▸ YOUR GOAL: Look through the listing below for the string "included". Say how many lines hold it, and nothing else.

▸ DATA FOR REVIEW:
>>>>
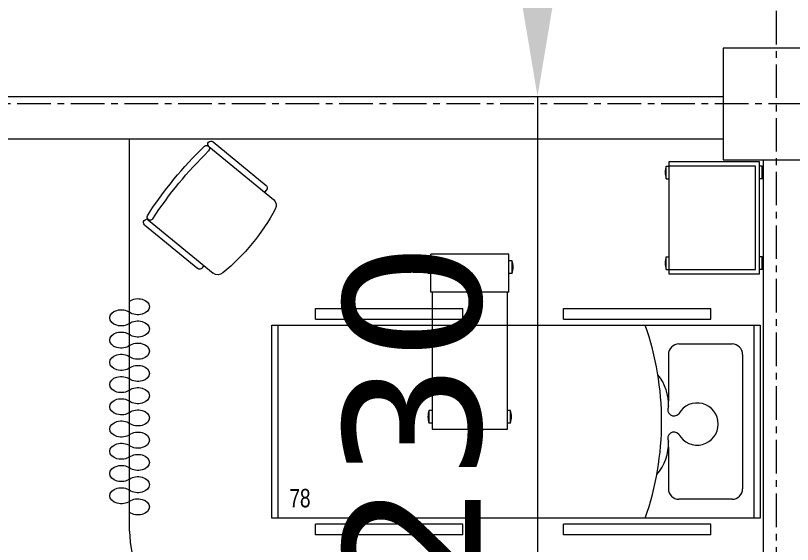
# Model space of a CAD drawing. Header units: millimetres. Extents: x 26027 to 581921, y 7230 to 233891.
# Drawn here: x 498797 to 502475, y 161859 to 164364 of the extents above; entities that cross this region are included whole.
import ezdxf

# ---------------------------------------------------------------- set-up
doc = ezdxf.new("R2010")
doc.units = ezdxf.units.MM
doc.header["$LTSCALE"] = 5
doc.linetypes.add('CENTER', pattern=[50.8, 31.75, -6.35, 6.35, -6.35])
doc.layers.add('axes', color=9, linetype='Continuous')
for name, color, linetype, lineweight in [('Dims', 6, 'Continuous', 5), ('Medical Equipment and Furniture', 163, 'Continuous', 0), ('Medical Equipment and Furniture1', 163, 'Continuous', 5), ('Structure', 20, 'Continuous', 5), ('Walls', 32, 'Continuous', 5)]:
    doc.layers.add(name, color=color, linetype=linetype, lineweight=lineweight)
doc.styles.add('Dimension', font='verdana.ttf')
doc.styles.add('X3G_ENTITY_257CFD', font='swisscl.ttf', dxfattribs={"height": 200})
doc.dimstyles.new('D500', dxfattribs={"dimtxt": 650, "dimasz": 500, "dimexe": 150, "dimexo": 100, "dimgap": 250, "dimtad": 1, "dimdec": 0, "dimtxsty": 'Dimension', "dimcen": 100, "dimdle": 150, "dimclrd": 250, "dimclre": 250, "dimclrt": 7, "dimadec": 0, "dimazin": 0, "dimtfac": 1, "dimtdec": 0, "dimtmove": 0, "dimatfit": 3, "dimfxl": 1, "dimlwd": 5, "dimlwe": 5, "dimarcsym": 0})

# ---------------------------------------------------------------- blocks, each defined once
blk = doc.blocks.new('CURTAIN')
for centre, start, end in [((-0.3386, 0.0395), 313.5684, 226.4316), ((-0.1881, 0.0395), 313.5684, 226.4316), ((-0.0376, 0.0395), 313.5684, 226.4316), ((0.1129, 0.0395), 313.5684, 226.4316), ((0.2633, 0.0395), 313.5684, 226.4316), ((0.4138, 0.0395), 313.5684, 226.4316), ((0.5643, 0.0395), 313.5684, 226.4316), ((0.7148, 0.0395), 313.5684, 226.4316), ((0.8653, 0.0395), 313.5684, 226.4316), ((0.0376, -0.0395), 133.5684, 46.4316), ((0.1881, -0.0395), 133.5684, 46.4316), ((0.3386, -0.0395), 133.5684, 46.4316), ((0.4891, -0.0395), 133.5684, 46.4316), ((0.6396, -0.0395), 133.5684, 46.4316), ((0.79, -0.0395), 133.5684, 46.4316), ((0.9405, -0.0395), 133.5684, 46.4316), ((-0.4138, -0.0395), 133.5684, 46.4316), ((-0.2633, -0.0395), 133.5684, 46.4316), ((-0.1129, -0.0395), 133.5684, 46.4316)]:
    blk.add_arc(centre, 0.0546, start, end)
blk = doc.blocks.new('Hospital Bed')
at = {"layer": 'Medical Equipment and Furniture1'}
for p, q in [((38.338, -101.6315, 0), (38.338, -101.6815, 0)), ((38.338, -101.6315, 0), (39.0347, -101.6315, 0)), ((39.0347, -101.6315, 0), (39.0347, -101.6815, 0)), ((39.5123, -101.6315, 0), (40.209, -101.6315, 0)), ((39.5123, -101.6315, 0), (39.5123, -101.6815, 0)), ((40.209, -101.6315, 0), (40.209, -101.6815, 0)), ((38.338, -101.6815, 0), (39.0347, -101.6815, 0)), ((39.5123, -101.6815, 0), (40.209, -101.6815, 0)), ((38.105, -102.6245, 0), (38.105, -101.7101, 0)), ((38.105, -101.7101, 0), (40.4164, -101.7101, 0)), ((38.135, -102.6245, 0), (38.135, -101.7101, 0)), ((40.3864, -101.7101, 0), (40.3864, -102.6245, 0)), ((40.4164, -101.7101, 0), (40.4164, -102.6245, 0)), ((38.2374, -101.7997, 0), (38.4887, -101.7997, 0)), ((38.1874, -102.485, 0), (38.1874, -101.8497, 0)), ((38.5387, -102.0476, 0), (38.5387, -101.8497, 0)), ((38.5387, -102.485, 0), (38.5387, -102.264, 0)), ((38.4887, -102.535, 0), (38.2374, -102.535, 0)), ((40.4164, -102.6245, 0), (38.105, -102.6245, 0)), ((38.338, -102.6532, 0), (38.338, -102.7032, 0)), ((39.0347, -102.6532, 0), (38.338, -102.6532, 0)), ((39.0347, -102.6532, 0), (39.0347, -102.7032, 0)), ((40.209, -102.6532, 0), (39.5123, -102.6532, 0)), ((39.5123, -102.6532, 0), (39.5123, -102.7032, 0)), ((40.209, -102.6532, 0), (40.209, -102.7032, 0)), ((39.0347, -102.7032, 0), (38.338, -102.7032, 0)), ((40.209, -102.7032, 0), (39.5123, -102.7032, 0))]:
    blk.add_line(p, q, dxfattribs=at)
at = {"layer": 'Medical Equipment and Furniture1', "elevation": 0}
for points in [[(38.6489, -102.6245), (38.6489, -102.6245), (38.6489, -102.6245), (38.6489, -102.6245), (38.6489, -102.6245), (38.6489, -102.6245), (38.6489, -102.6245), (38.6489, -102.6245), (38.6489, -102.6245), (38.6489, -102.6245), (38.6489, -102.6245), (38.6489, -102.6245), (38.6489, -102.6245), (38.6489, -102.6245), (38.6489, -102.6245), (38.6489, -102.6245), (38.6489, -102.6245), (38.6489, -102.6245), (38.6489, -102.6245), (38.6489, -102.6245), (38.6489, -102.6245), (38.6489, -102.6245), (38.6489, -102.6245), (38.6489, -102.6245), (38.6489, -102.6245), (38.6489, -102.6245), (38.6489, -102.6245), (38.6489, -102.6245), (38.6489, -102.6245), (38.6489, -102.6245), (38.6489, -102.6245), (38.6489, -102.6245), (38.6489, -102.6245), (38.6489, -102.6245), (38.6489, -102.6245), (38.6489, -102.6245), (38.6489, -102.6245), (38.6489, -102.6245), (38.6489, -102.6245), (38.6489, -102.6245), (38.6489, -102.6245), (38.6489, -102.6245), (38.6489, -102.6245), (38.6489, -102.6245), (38.6489, -102.6245), (38.6489, -102.6245), (38.6489, -102.6245), (38.6489, -102.6245), (38.6489, -102.6245), (38.6489, -102.6245), (38.6489, -102.6245), (38.6489, -102.6245), (38.6489, -102.6245), (38.6489, -102.6245), (38.6489, -102.6245), (38.6489, -102.6245), (38.6489, -102.6245), (38.6489, -102.6245), (38.6489, -102.6245), (38.6489, -102.6245), (38.6489, -102.6245), (38.6489, -102.6245), (38.6489, -102.6245), (38.6489, -102.6245), (38.6489, -102.6245), (38.6489, -102.6245), (38.6489, -102.6245), (38.6489, -102.6245), (38.6489, -102.6245), (38.6489, -102.6245), (38.6489, -102.6245), (38.6489, -102.6245), (38.6489, -102.6245), (38.6489, -102.6245), (38.6489, -102.6245), (38.6489, -102.6245), (38.6489, -102.6245), (38.6489, -102.6245), (38.6489, -102.6245), (38.6489, -102.6245), (38.6489, -102.6245), (38.6489, -102.6245), (38.6489, -102.6245), (38.6489, -102.6245), (38.6489, -102.6245), (38.6489, -102.6245), (38.6489, -102.6245), (38.6489, -102.6245), (38.6489, -102.6245), (38.6489, -102.6245), (38.6489, -102.6245), (38.6489, -102.6245), (38.6489, -102.6245), (38.6489, -102.6245), (38.6489, -102.6245), (38.6489, -102.6245), (38.6489, -102.6245), (38.6489, -102.6245), (38.6489, -102.6245), (38.6489, -102.6245), (38.6489, -102.6245), (38.6489, -102.6245), (38.6489, -102.6245), (38.6489, -102.6245), (38.6489, -102.6245), (38.6489, -102.6245), (38.6489, -102.6245), (38.6489, -102.6245), (38.6489, -102.6245), (38.6489, -102.6245), (38.6489, -102.6245), (38.6489, -102.6245), (38.6489, -102.6245), (38.6489, -102.6245), (38.6489, -102.6245), (38.6489, -102.6245), (38.6489, -102.6245), (38.6489, -102.6245), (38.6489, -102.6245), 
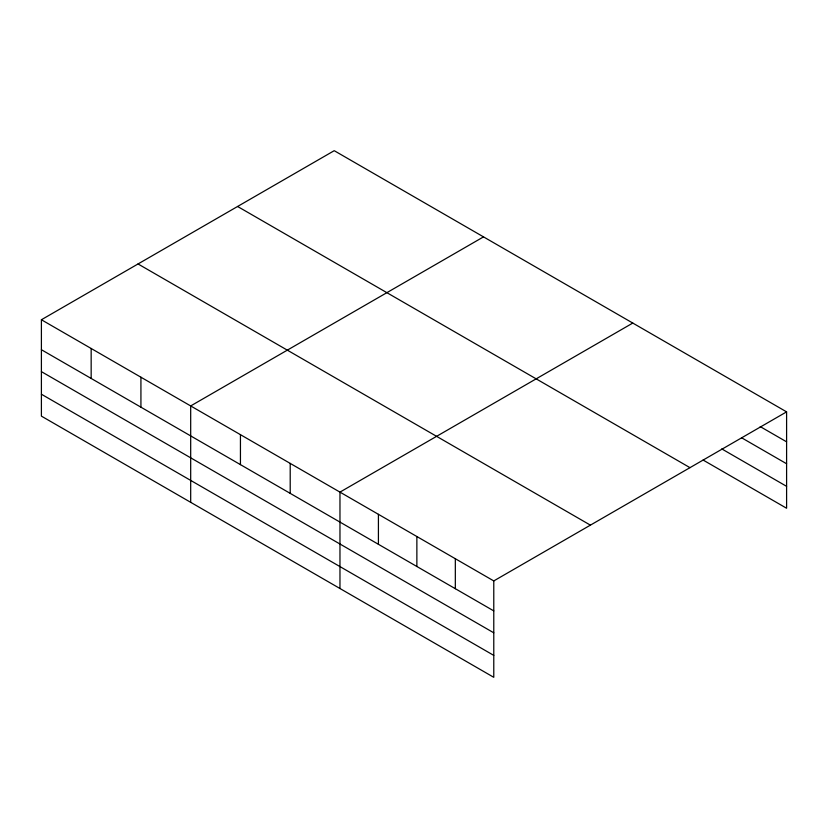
<?xml version="1.0" encoding="UTF-8"?>
<svg xmlns="http://www.w3.org/2000/svg" width="828" height="828" viewBox="0 0 828 828"><rect width="100%" height="100%" fill="white"/><g stroke="black" fill="none" stroke-linecap="round" stroke-linejoin="round"><path stroke-width="1.24" d="M41.4 319.753L493.778 580.925L493.778 677.314L41.4 416.132L41.4 319.753L334.222 150.686L786.6 411.868L786.6 508.247L703.107 460.047M483.511 236.88L190.688 405.937L190.688 502.327M632.789 323.065L339.966 492.122L339.966 588.511M493.778 580.925L786.6 411.868M760.228 426.606L786.6 441.831M741.557 437.743L786.6 463.752M721.778 448.911L786.6 486.336M237.595 206.482L689.972 467.654M138.028 263.956L590.405 525.138M41.4 349.716L493.778 610.898M41.4 371.637L493.778 632.809M41.4 394.221L493.778 655.393M455.328 558.724L455.328 588.698M416.867 536.523L416.867 566.497M378.417 514.323L378.417 544.296M290.204 463.401L290.204 493.364M240.441 434.669L240.441 464.632M140.926 377.206L140.926 407.179M91.163 348.474L91.163 378.448"/></g></svg>
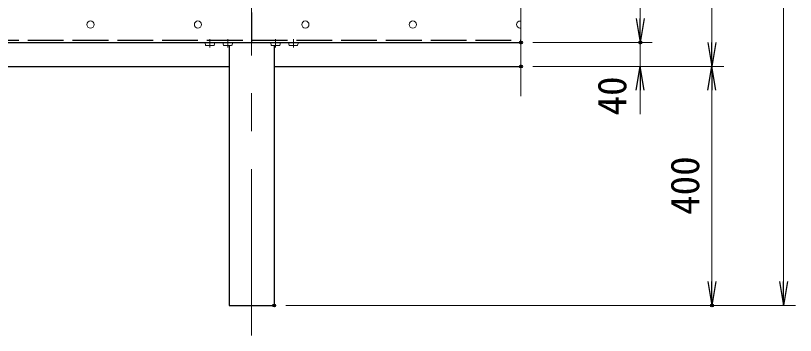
# Model space of a CAD drawing. Units: millimetres, scale not verified. Extents: x -4200 to 4200, y -2970 to 2970.
# Drawn here: x -1686 to -380, y -207 to 328 of the extents above; entities that cross this region are included whole.
import ezdxf
from ezdxf.enums import TextEntityAlignment as Align

# ---------------------------------------------------------------- set-up
doc = ezdxf.new("R2010")
doc.units = ezdxf.units.MM
doc.header["$LTSCALE"] = 10
doc.header["$PDMODE"] = 32
doc.header["$PDSIZE"] = 5
doc.linetypes.add('DASHED', pattern=[7.5, 6, -1.5])
doc.linetypes.add('USER1', pattern=[50.8, 31.75, -6.35, 6.35, -6.35])
for name, color, linetype, lineweight in [('0-0_D-BMK', 2, 'USER1', 13), ('0-1_D-STR4', 7, 'Continuous', 25), ('0-2_D-STR1', 1, 'Continuous', 25), ('0-3_D-STR3', 3, 'Continuous', 13), ('0-5_D-STR-DIM', 7, 'Continuous', 13), ('0-6_0', 7, 'Continuous', 25)]:
    doc.layers.add(name, color=color, linetype=linetype, lineweight=lineweight)
doc.layers.add('0-7_Defpoints', color=8, linetype='Continuous')
doc.styles.add('ＭＳ ゴシック', font='')
doc.styles.get('ＭＳ ゴシック').set_extended_font_data('MS Gothic')

# ---------------------------------------------------------------- blocks, each defined once
blk = doc.blocks.new('_Open')
at = {"layer": '0-6_0'}
blk.add_line((-10, 1.667), (0, 0), dxfattribs=at)
blk.add_lwpolyline([(-10, -1.667), (0, 0), (-10, 0)], dxfattribs=at)

msp = doc.modelspace()

# ---------------------------------------------------------------- linework, layer by layer
at = {"layer": '0-0_D-BMK'}
for p, q in [((-1290.53, 2103.04), (-1290.53, -206.96)), ((-1360.53, 288.91), (-1360.53, 274.49)), ((-1330.53, 288.91), (-1330.53, 274.49)), ((-1250.53, 288.91), (-1250.53, 274.49)), ((-1220.53, 288.91), (-1220.53, 274.49))]:
    msp.add_line(p, q, dxfattribs=at)
at = {"layer": '0-1_D-STR4'}
for p, q in [((-3053.03, 243.04), (-1328.03, 243.04)), ((-1253.03, 243.04), (-839.53, 243.04))]:
    msp.add_line(p, q, dxfattribs=at)
at = {"layer": '0-2_D-STR1'}
for p, q in [((-1290.53, 333.04), (-1290.53, 283.04)), ((-3290.53, 283.04), (-839.53, 283.04)), ((-1328.03, 278.24), (-1328.03, -156.96)), ((-1253.03, 278.24), (-1253.03, -156.96)), ((-1328.03, -156.96), (-1253.03, -156.96))]:
    msp.add_line(p, q, dxfattribs=at)
at = {"layer": '0-2_D-STR1', "linetype": 'DASHED'}
msp.add_line((-3240.53, 287.04), (-839.53, 287.04), dxfattribs=at)
at = {"layer": '0-3_D-STR3'}
for p, q in [((-1352.53, 283.04), (-1368.53, 283.04)), ((-1354.03, 278.24), (-1367.03, 278.24)), ((-1322.53, 283.04), (-1338.53, 283.04)), ((-1324.03, 278.24), (-1337.03, 278.24)), ((-1242.53, 283.04), (-1258.53, 283.04)), ((-1244.03, 278.24), (-1257.03, 278.24)), ((-1212.53, 283.04), (-1228.53, 283.04)), ((-1214.03, 278.24), (-1227.03, 278.24))]:
    msp.add_line(p, q, dxfattribs=at)
for centre in [(-1560.53, 313.04), (-1380.53, 313.04), (-1200.53, 313.04), (-1020.53, 313.04)]:
    msp.add_circle(centre, 6, dxfattribs=at)
msp.add_arc((-840.53, 313.04), 6, 80.41516, 279.58484, dxfattribs=at)
for centre, start_param, end_param in [((-1367.03, 283.04), 1.5707963, 3.1415927), ((-1354.03, 283.04), 3.1415927, 4.712389), ((-1337.03, 283.04), 1.5707963, 3.1415927), ((-1324.03, 283.04), 3.1415927, 4.712389), ((-1257.03, 283.04), 1.5707963, 3.1415927), ((-1244.03, 283.04), 3.1415927, 4.712389), ((-1227.03, 283.04), 1.5707963, 3.1415927), ((-1214.03, 283.04), 3.1415927, 4.712389)]:
    msp.add_ellipse(centre, major_axis=(0, 4.8), ratio=0.3125, start_param=start_param, end_param=end_param, dxfattribs=at)
at = {"layer": '0-5_D-STR-DIM'}
for p, q in [((-399.53, -116.96), (-399.53, 2013.04)), ((-639.53, 323.04), (-639.53, 2003.04)), ((-519.53, 283.04), (-519.53, 2003.04)), ((-839.53, 1137.39), (-839.53, 193.04)), ((-639.53, 323.04), (-639.53, 363.04)), ((-819.53, 283.04), (-619.53, 283.04)), ((-819.53, 283.04), (-619.53, 283.04)), ((-639.53, 243.04), (-639.53, 283.04)), ((-819.53, 243.04), (-619.53, 243.04)), ((-819.53, 243.04), (-499.53, 243.04)), ((-819.53, 243.04), (-499.53, 243.04)), ((-639.53, 203.04), (-639.53, 163.04)), ((-519.53, 203.04), (-519.53, -116.96)), ((-1233.03, -156.96), (-379.53, -156.96)), ((-1233.03, -156.96), (-499.53, -156.96))]:
    msp.add_line(p, q, dxfattribs=at)
at = {"layer": '0-7_Defpoints'}
for p in [(-839.53, 283.04), (-639.53, 283.04), (-839.53, 243.04), (-1253.03, -156.96), (-519.53, -156.96)]:
    msp.add_point(p, dxfattribs=at)

# ---------------------------------------------------------------- block references
at = {"layer": '0-5_D-STR-DIM', "xscale": 4, "yscale": 4}
for p, rotation in [((-639.53, 283.04), 270), ((-639.53, 283.04), 270), ((-519.53, 243.04), 270), ((-639.53, 243.04), 90), ((-519.53, 243.04), 90), ((-519.53, -156.96), 270), ((-399.53, -156.96), 270)]:
    msp.add_blockref('_Open', p, dxfattribs=dict(at, rotation=rotation))

# ---------------------------------------------------------------- texts
at = {"layer": '0-5_D-STR-DIM', "style": 'ＭＳ ゴシック'}
for s, p in [('40', (-648.43, 160.94)), ('400', (-526.27, -5.46))]:
    msp.add_text(s, height=48.09, rotation=90, dxfattribs=at).set_placement(p, align=Align.BOTTOM_LEFT)

doc.saveas('drawing.dxf')
<<<<
▸ RESULT FOR THIS EXERCISE: 2